What is needed
Nothing but the exact text of the entries should appear in your answer; pictures stay out.

★ ★ ★

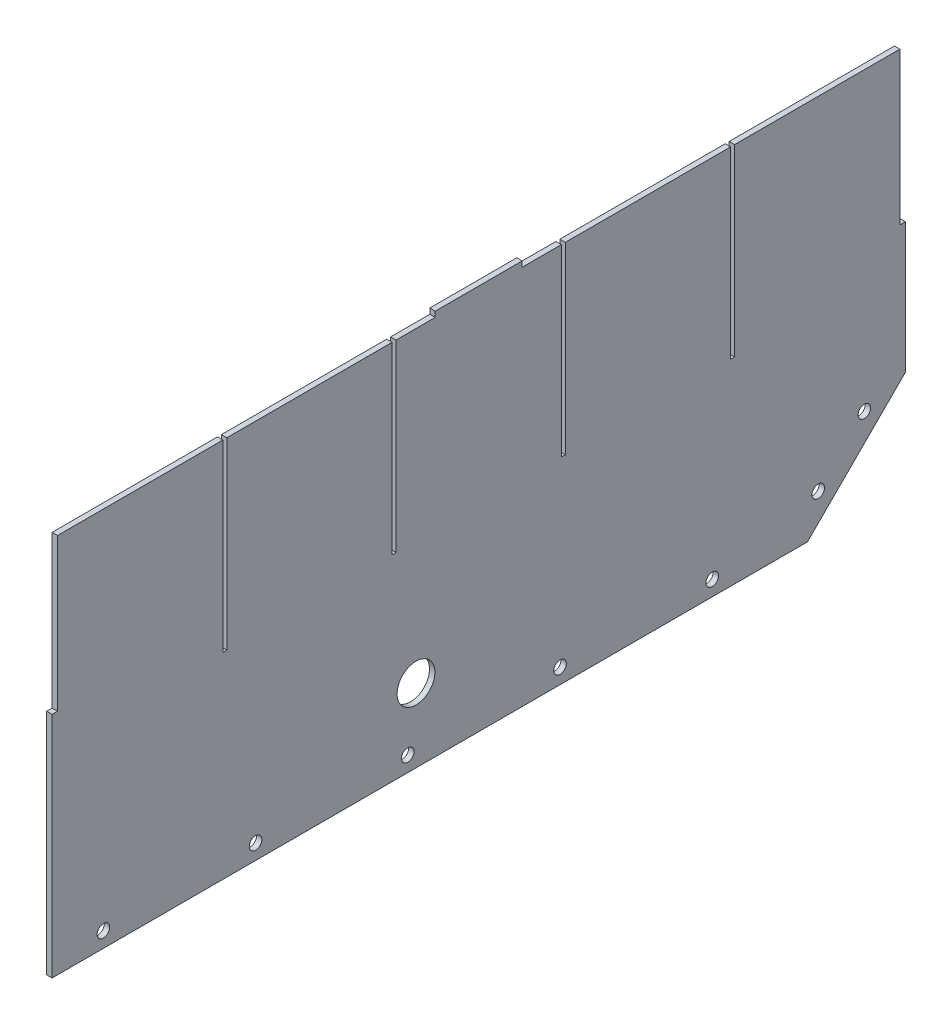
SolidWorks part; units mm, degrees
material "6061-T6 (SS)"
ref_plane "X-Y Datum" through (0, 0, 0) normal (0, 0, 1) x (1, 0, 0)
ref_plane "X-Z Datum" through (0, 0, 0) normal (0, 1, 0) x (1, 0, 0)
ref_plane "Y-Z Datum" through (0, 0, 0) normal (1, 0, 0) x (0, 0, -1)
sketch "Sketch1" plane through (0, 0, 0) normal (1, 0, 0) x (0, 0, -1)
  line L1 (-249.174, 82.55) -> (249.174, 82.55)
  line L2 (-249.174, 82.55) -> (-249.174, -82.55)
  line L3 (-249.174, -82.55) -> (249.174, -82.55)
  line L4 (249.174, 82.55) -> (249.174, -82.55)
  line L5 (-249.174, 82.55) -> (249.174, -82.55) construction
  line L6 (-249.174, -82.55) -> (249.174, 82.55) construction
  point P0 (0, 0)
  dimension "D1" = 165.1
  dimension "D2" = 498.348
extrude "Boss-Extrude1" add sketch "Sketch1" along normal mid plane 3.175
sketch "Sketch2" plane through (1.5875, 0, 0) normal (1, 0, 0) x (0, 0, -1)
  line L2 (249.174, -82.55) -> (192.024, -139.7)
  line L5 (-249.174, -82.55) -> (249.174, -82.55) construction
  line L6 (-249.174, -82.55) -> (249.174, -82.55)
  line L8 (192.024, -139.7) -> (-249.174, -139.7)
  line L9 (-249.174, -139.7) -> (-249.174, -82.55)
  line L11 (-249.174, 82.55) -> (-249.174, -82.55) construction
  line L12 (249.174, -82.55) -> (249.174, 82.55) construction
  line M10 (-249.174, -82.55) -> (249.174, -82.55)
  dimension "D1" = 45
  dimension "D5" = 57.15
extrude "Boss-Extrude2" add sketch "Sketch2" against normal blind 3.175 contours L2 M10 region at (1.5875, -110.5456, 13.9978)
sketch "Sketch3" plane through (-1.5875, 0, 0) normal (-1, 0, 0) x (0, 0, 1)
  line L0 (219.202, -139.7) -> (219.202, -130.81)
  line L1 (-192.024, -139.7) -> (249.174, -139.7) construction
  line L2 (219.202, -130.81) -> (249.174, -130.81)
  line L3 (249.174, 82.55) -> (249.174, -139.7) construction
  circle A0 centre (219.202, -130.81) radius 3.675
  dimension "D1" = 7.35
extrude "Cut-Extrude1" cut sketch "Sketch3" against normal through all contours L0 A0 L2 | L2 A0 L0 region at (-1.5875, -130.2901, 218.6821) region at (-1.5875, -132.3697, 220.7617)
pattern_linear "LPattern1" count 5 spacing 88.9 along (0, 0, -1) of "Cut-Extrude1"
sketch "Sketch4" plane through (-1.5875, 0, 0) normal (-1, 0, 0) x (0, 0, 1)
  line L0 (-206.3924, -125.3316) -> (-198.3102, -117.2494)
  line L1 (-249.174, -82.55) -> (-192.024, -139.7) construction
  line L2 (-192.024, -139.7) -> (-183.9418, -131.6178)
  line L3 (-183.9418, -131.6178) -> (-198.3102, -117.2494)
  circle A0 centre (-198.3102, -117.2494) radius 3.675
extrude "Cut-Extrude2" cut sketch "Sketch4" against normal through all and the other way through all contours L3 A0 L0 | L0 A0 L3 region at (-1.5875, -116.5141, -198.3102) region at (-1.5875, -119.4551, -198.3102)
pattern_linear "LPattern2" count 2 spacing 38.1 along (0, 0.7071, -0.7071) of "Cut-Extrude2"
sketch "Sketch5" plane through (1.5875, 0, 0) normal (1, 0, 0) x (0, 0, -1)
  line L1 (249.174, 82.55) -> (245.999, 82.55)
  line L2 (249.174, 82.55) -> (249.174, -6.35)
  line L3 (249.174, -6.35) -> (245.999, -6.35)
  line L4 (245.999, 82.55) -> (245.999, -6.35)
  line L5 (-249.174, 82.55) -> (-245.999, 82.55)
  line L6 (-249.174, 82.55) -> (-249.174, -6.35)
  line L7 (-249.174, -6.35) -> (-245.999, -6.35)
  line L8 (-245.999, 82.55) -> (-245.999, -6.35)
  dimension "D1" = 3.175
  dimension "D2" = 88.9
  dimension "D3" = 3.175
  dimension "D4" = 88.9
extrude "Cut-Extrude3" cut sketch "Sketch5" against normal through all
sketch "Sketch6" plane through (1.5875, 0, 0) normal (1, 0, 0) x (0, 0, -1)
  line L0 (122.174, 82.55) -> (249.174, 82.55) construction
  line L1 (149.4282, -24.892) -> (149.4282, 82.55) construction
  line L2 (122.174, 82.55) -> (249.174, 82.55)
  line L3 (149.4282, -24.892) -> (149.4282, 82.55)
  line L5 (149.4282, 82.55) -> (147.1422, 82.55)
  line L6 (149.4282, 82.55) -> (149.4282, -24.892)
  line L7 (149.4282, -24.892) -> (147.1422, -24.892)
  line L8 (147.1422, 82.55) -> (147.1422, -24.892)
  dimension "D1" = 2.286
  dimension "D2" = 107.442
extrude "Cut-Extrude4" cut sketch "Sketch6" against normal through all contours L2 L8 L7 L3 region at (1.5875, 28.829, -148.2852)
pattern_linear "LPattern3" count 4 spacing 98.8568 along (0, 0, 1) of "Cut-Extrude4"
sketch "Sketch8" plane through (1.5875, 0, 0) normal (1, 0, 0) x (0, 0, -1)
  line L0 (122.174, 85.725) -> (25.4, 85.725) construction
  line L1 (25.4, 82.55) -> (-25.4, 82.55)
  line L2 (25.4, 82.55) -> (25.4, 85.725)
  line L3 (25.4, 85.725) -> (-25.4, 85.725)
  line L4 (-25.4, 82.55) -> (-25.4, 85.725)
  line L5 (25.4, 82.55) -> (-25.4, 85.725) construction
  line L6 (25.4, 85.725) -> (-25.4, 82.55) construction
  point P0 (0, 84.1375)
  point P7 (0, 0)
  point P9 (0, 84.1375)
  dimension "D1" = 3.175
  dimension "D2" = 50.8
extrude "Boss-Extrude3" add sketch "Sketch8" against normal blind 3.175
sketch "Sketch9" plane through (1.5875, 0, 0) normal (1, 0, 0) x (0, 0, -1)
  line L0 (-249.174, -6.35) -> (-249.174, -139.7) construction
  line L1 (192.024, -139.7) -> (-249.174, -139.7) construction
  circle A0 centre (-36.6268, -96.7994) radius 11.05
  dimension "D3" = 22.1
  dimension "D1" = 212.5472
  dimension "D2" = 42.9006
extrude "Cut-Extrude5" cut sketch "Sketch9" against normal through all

★ ★ ★

Solution for this exercise
SolidWorks part; units mm, degrees
material "6061-T6 (SS)"
ref_plane "X-Y Datum" through (0, 0, 0) normal (0, 0, 1) x (1, 0, 0)
ref_plane "X-Z Datum" through (0, 0, 0) normal (0, 1, 0) x (1, 0, 0)
ref_plane "Y-Z Datum" through (0, 0, 0) normal (1, 0, 0) x (0, 0, -1)
sketch "Sketch1" plane through (0, 0, 0) normal (1, 0, 0) x (0, 0, -1)
  line L1 (-249.174, 82.55) -> (249.174, 82.55)
  line L2 (-249.174, 82.55) -> (-249.174, -82.55)
  line L3 (-249.174, -82.55) -> (249.174, -82.55)
  line L4 (249.174, 82.55) -> (249.174, -82.55)
  line L5 (-249.174, 82.55) -> (249.174, -82.55) construction
  line L6 (-249.174, -82.55) -> (249.174, 82.55) construction
  point P0 (0, 0)
  dimension "D1" = 165.1
  dimension "D2" = 498.348
extrude "Boss-Extrude1" add sketch "Sketch1" along normal mid plane 3.175
sketch "Sketch2" plane through (1.5875, 0, 0) normal (1, 0, 0) x (0, 0, -1)
  line L2 (249.174, -82.55) -> (192.024, -139.7)
  line L5 (-249.174, -82.55) -> (249.174, -82.55) construction
  line L6 (-249.174, -82.55) -> (249.174, -82.55)
  line L8 (192.024, -139.7) -> (-249.174, -139.7)
  line L9 (-249.174, -139.7) -> (-249.174, -82.55)
  line L11 (-249.174, 82.55) -> (-249.174, -82.55) construction
  line L12 (249.174, -82.55) -> (249.174, 82.55) construction
  line M10 (-249.174, -82.55) -> (249.174, -82.55)
  dimension "D1" = 45
  dimension "D5" = 57.15
extrude "Boss-Extrude2" add sketch "Sketch2" against normal blind 3.175 contours L2 M10 region at (1.5875, -110.5456, 13.9978)
sketch "Sketch3" plane through (-1.5875, 0, 0) normal (-1, 0, 0) x (0, 0, 1)
  line L0 (219.202, -139.7) -> (219.202, -130.81)
  line L1 (-192.024, -139.7) -> (249.174, -139.7) construction
  line L2 (219.202, -130.81) -> (249.174, -130.81)
  line L3 (249.174, 82.55) -> (249.174, -139.7) construction
  circle A0 centre (219.202, -130.81) radius 3.675
  dimension "D1" = 7.35
extrude "Cut-Extrude1" cut sketch "Sketch3" against normal through all contours L0 A0 L2 | L2 A0 L0 region at (-1.5875, -130.2901, 218.6821) region at (-1.5875, -132.3697, 220.7617)
pattern_linear "LPattern1" count 5 spacing 88.9 along (0, 0, -1) of "Cut-Extrude1"
sketch "Sketch4" plane through (-1.5875, 0, 0) normal (-1, 0, 0) x (0, 0, 1)
  line L0 (-206.3924, -125.3316) -> (-198.3102, -117.2494)
  line L1 (-249.174, -82.55) -> (-192.024, -139.7) construction
  line L2 (-192.024, -139.7) -> (-183.9418, -131.6178)
  line L3 (-183.9418, -131.6178) -> (-198.3102, -117.2494)
  circle A0 centre (-198.3102, -117.2494) radius 3.675
extrude "Cut-Extrude2" cut sketch "Sketch4" against normal through all and the other way through all contours L3 A0 L0 | L0 A0 L3 region at (-1.5875, -116.5141, -198.3102) region at (-1.5875, -119.4551, -198.3102)
pattern_linear "LPattern2" count 2 spacing 38.1 along (0, 0.7071, -0.7071) of "Cut-Extrude2"
sketch "Sketch5" plane through (1.5875, 0, 0) normal (1, 0, 0) x (0, 0, -1)
  line L1 (249.174, 82.55) -> (245.999, 82.55)
  line L2 (249.174, 82.55) -> (249.174, -6.35)
  line L3 (249.174, -6.35) -> (245.999, -6.35)
  line L4 (245.999, 82.55) -> (245.999, -6.35)
  line L5 (-249.174, 82.55) -> (-245.999, 82.55)
  line L6 (-249.174, 82.55) -> (-249.174, -6.35)
  line L7 (-249.174, -6.35) -> (-245.999, -6.35)
  line L8 (-245.999, 82.55) -> (-245.999, -6.35)
  dimension "D1" = 3.175
  dimension "D2" = 88.9
  dimension "D3" = 3.175
  dimension "D4" = 88.9
extrude "Cut-Extrude3" cut sketch "Sketch5" against normal through all
sketch "Sketch6" plane through (1.5875, 0, 0) normal (1, 0, 0) x (0, 0, -1)
  line L0 (122.174, 82.55) -> (249.174, 82.55) construction
  line L1 (149.4282, -24.892) -> (149.4282, 82.55) construction
  line L2 (122.174, 82.55) -> (249.174, 82.55)
  line L3 (149.4282, -24.892) -> (149.4282, 82.55)
  line L5 (149.4282, 82.55) -> (147.1422, 82.55)
  line L6 (149.4282, 82.55) -> (149.4282, -24.892)
  line L7 (149.4282, -24.892) -> (147.1422, -24.892)
  line L8 (147.1422, 82.55) -> (147.1422, -24.892)
  dimension "D1" = 2.286
  dimension "D2" = 107.442
extrude "Cut-Extrude4" cut sketch "Sketch6" against normal through all contours L2 L8 L7 L3 region at (1.5875, 28.829, -148.2852)
pattern_linear "LPattern3" count 4 spacing 98.8568 along (0, 0, 1) of "Cut-Extrude4"
sketch "Sketch8" plane through (1.5875, 0, 0) normal (1, 0, 0) x (0, 0, -1)
  line L0 (122.174, 85.725) -> (25.4, 85.725) construction
  line L1 (25.4, 82.55) -> (-25.4, 82.55)
  line L2 (25.4, 82.55) -> (25.4, 85.725)
  line L3 (25.4, 85.725) -> (-25.4, 85.725)
  line L4 (-25.4, 82.55) -> (-25.4, 85.725)
  line L5 (25.4, 82.55) -> (-25.4, 85.725) construction
  line L6 (25.4, 85.725) -> (-25.4, 82.55) construction
  point P0 (0, 84.1375)
  point P7 (0, 0)
  point P9 (0, 84.1375)
  dimension "D1" = 3.175
  dimension "D2" = 50.8
extrude "Boss-Extrude3" add sketch "Sketch8" against normal blind 3.175
sketch "Sketch9" plane through (1.5875, 0, 0) normal (1, 0, 0) x (0, 0, -1)
  line L0 (-249.174, -6.35) -> (-249.174, -139.7) construction
  line L1 (192.024, -139.7) -> (-249.174, -139.7) construction
  circle A0 centre (-36.6268, -96.7994) radius 11.05
  dimension "D3" = 22.1
  dimension "D1" = 212.5472
  dimension "D2" = 42.9006
extrude "Cut-Extrude5" cut sketch "Sketch9" against normal through all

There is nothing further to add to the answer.